Figure 3: The architecture of Cloud Computing. Retrieved 04.01.2014 from http://www.manjrasoft.com/images/aneka_cloud_computing_schema.png.

(3) Combined with the above issue is to build websites. Initially required a knowledge of HTML (HyperText Markup Language) (Figure 4) and knowledge about the web browser and operating system users to adjust the code page to display hardware capabilities by users.

Figure 4: HTML code fragment. Retrieved 04.01.2014 from http://wiki.greenstone.org/lib/exe/fetch.php?cache=&media=en:html_code.jpg.

Currently, in order to build a website and put it on the Internet does not need to be a computer scientist. This can be done for each user using simple tools such as WordPress even. Literally just a few clicks arises site design, and you can also use ready-made templates. The whole encoding process is invisible to the user.

4. Conclusion

Nowadays, the importance of technology is so pervasive that you can say by M. Castells about the phenomenon of techno-meritocracy. It is characterized by several distinguishing features. Firstly, technical discovery related to the programming of computers in a networked environment is considered to be the highest value. Secondly, it just expertise used to improve the technical work. This means nothing less than the devaluation of knowledge per se and its instrumentalization. Rating technical discovery depends on community members, professionals in the field of network and the Internet. Project coordinators are appointed by the authorities, which also have control over the resources (basically hardware). Members of the community can not use the network only for the personal benefit (excluding the development of their own, which is treated in terms of the common good). However, the most important feature of techno-meritocracy in terms of Castells is open to the transmission of the software and any improvements identified through networking. Without this openness of the community would be completely only individual projects, taking care of special interests and intensifying competition (cf. Castells, 2003, pp. 50-51).
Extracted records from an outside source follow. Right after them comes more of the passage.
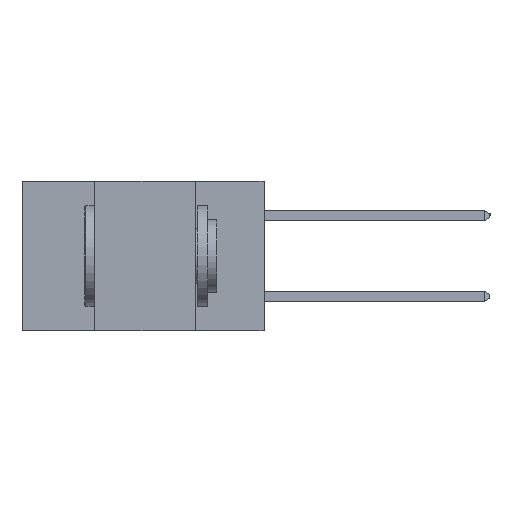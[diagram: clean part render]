
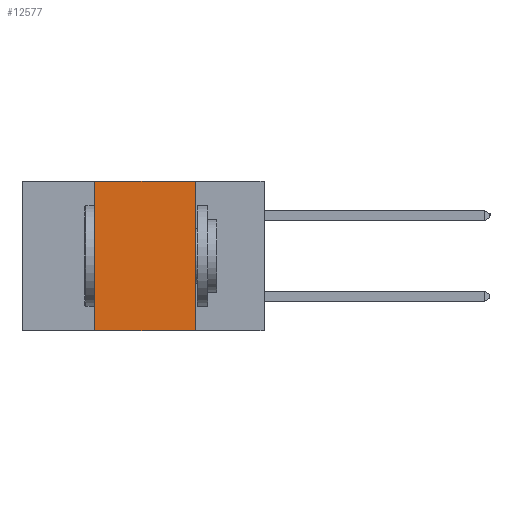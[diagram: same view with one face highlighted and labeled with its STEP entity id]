
A CAD part, left-side view. The second image highlights one B-rep face of the part: STEP entity #12577.
In plain terms, the highlighted planar face has unit normal (-1, 0, 0).
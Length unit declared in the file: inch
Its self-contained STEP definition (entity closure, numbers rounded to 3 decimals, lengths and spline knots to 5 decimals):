
#111 = CARTESIAN_POINT ( 'NONE',  ( 0., 0.6, 0. ) ) ;
#1017 = CARTESIAN_POINT ( 'NONE',  ( 0., 0.6, -0.37 ) ) ;
#1093 = FACE_OUTER_BOUND ( 'NONE', #8811, .T. ) ;
#1135 = VERTEX_POINT ( 'NONE', #7995 ) ;
#1227 = LINE ( 'NONE', #1017, #9520 ) ;
#1285 = AXIS2_PLACEMENT_3D ( 'NONE', #111, #3298, #9652 ) ;
#1295 = LINE ( 'NONE', #10579, #5662 ) ;
#1324 = CARTESIAN_POINT ( 'NONE',  ( 0., 0.17, 0. ) ) ;
#1634 = EDGE_CURVE ( 'NONE', #5938, #1135, #1824, .T. ) ;
#1824 = LINE ( 'NONE', #1958, #6798 ) ;
#1958 = CARTESIAN_POINT ( 'NONE',  ( 0., 0.17, -0.37 ) ) ;
#2239 = EDGE_CURVE ( 'NONE', #8330, #1135, #1227, .T. ) ;
#2275 = ORIENTED_EDGE ( 'NONE', *, *, #2239, .T. ) ;
#3298 = DIRECTION ( 'NONE',  ( 1., 0., 0. ) ) ;
#4767 = CARTESIAN_POINT ( 'NONE',  ( 0., 0.42, -0.37 ) ) ;
#5159 = DIRECTION ( 'NONE',  ( 0., 0., -1. ) ) ;
#5251 = DIRECTION ( 'NONE',  ( 0., -1., 0. ) ) ;
#5662 = VECTOR ( 'NONE', #13761, 39.37008 ) ;
#5938 = VERTEX_POINT ( 'NONE', #1324 ) ;
#6145 = EDGE_CURVE ( 'NONE', #8330, #6403, #1295, .T. ) ;
#6403 = VERTEX_POINT ( 'NONE', #7991 ) ;
#6559 = EDGE_CURVE ( 'NONE', #6403, #5938, #12615, .T. ) ;
#6798 = VECTOR ( 'NONE', #5159, 39.37008 ) ;
#7472 = ORIENTED_EDGE ( 'NONE', *, *, #1634, .F. ) ;
#7991 = CARTESIAN_POINT ( 'NONE',  ( 0., 0.42, 0. ) ) ;
#7995 = CARTESIAN_POINT ( 'NONE',  ( 0., 0.17, -0.37 ) ) ;
#8279 = ORIENTED_EDGE ( 'NONE', *, *, #6145, .F. ) ;
#8330 = VERTEX_POINT ( 'NONE', #4767 ) ;
#8570 = PLANE ( 'NONE',  #1285 ) ;
#8811 = EDGE_LOOP ( 'NONE', ( #7472, #10213, #8279, #2275 ) ) ;
#9520 = VECTOR ( 'NONE', #10639, 39.37008 ) ;
#9652 = DIRECTION ( 'NONE',  ( 0., 0., -1. ) ) ;
#10213 = ORIENTED_EDGE ( 'NONE', *, *, #6559, .F. ) ;
#10345 = CARTESIAN_POINT ( 'NONE',  ( 0., 0.6, 0. ) ) ;
#10579 = CARTESIAN_POINT ( 'NONE',  ( 0., 0.42, -0.37 ) ) ;
#10639 = DIRECTION ( 'NONE',  ( 0., -1., 0. ) ) ;
#10899 = VECTOR ( 'NONE', #5251, 39.37008 ) ;
#12577 = ADVANCED_FACE ( 'NONE', ( #1093 ), #8570, .F. ) ;
#12615 = LINE ( 'NONE', #10345, #10899 ) ;
#13761 = DIRECTION ( 'NONE',  ( 0., 0., 1. ) ) ;

Putting together the two above outlined areas – the importance of information and the simplification – it can be concluded that in the modern society, the emphasis has not been placed on extensive knowledge, or the ability of critical and logical thinking. This, what is currently important is the ability to use information and the ability to make use of modern technology. At the same time the information is reduced to a kind of “already digested slurry” (unfortunately not by the user), which instead of user generate simplified services of the IT industry.

To paraphrase McLuhan aphorism that the medium is the message Castells proposes a new look – the network is the message. In this vision of the network is understood specifically as a higher way of organizing social action, regardless of its purpose (Stalder, 2012, p. 38).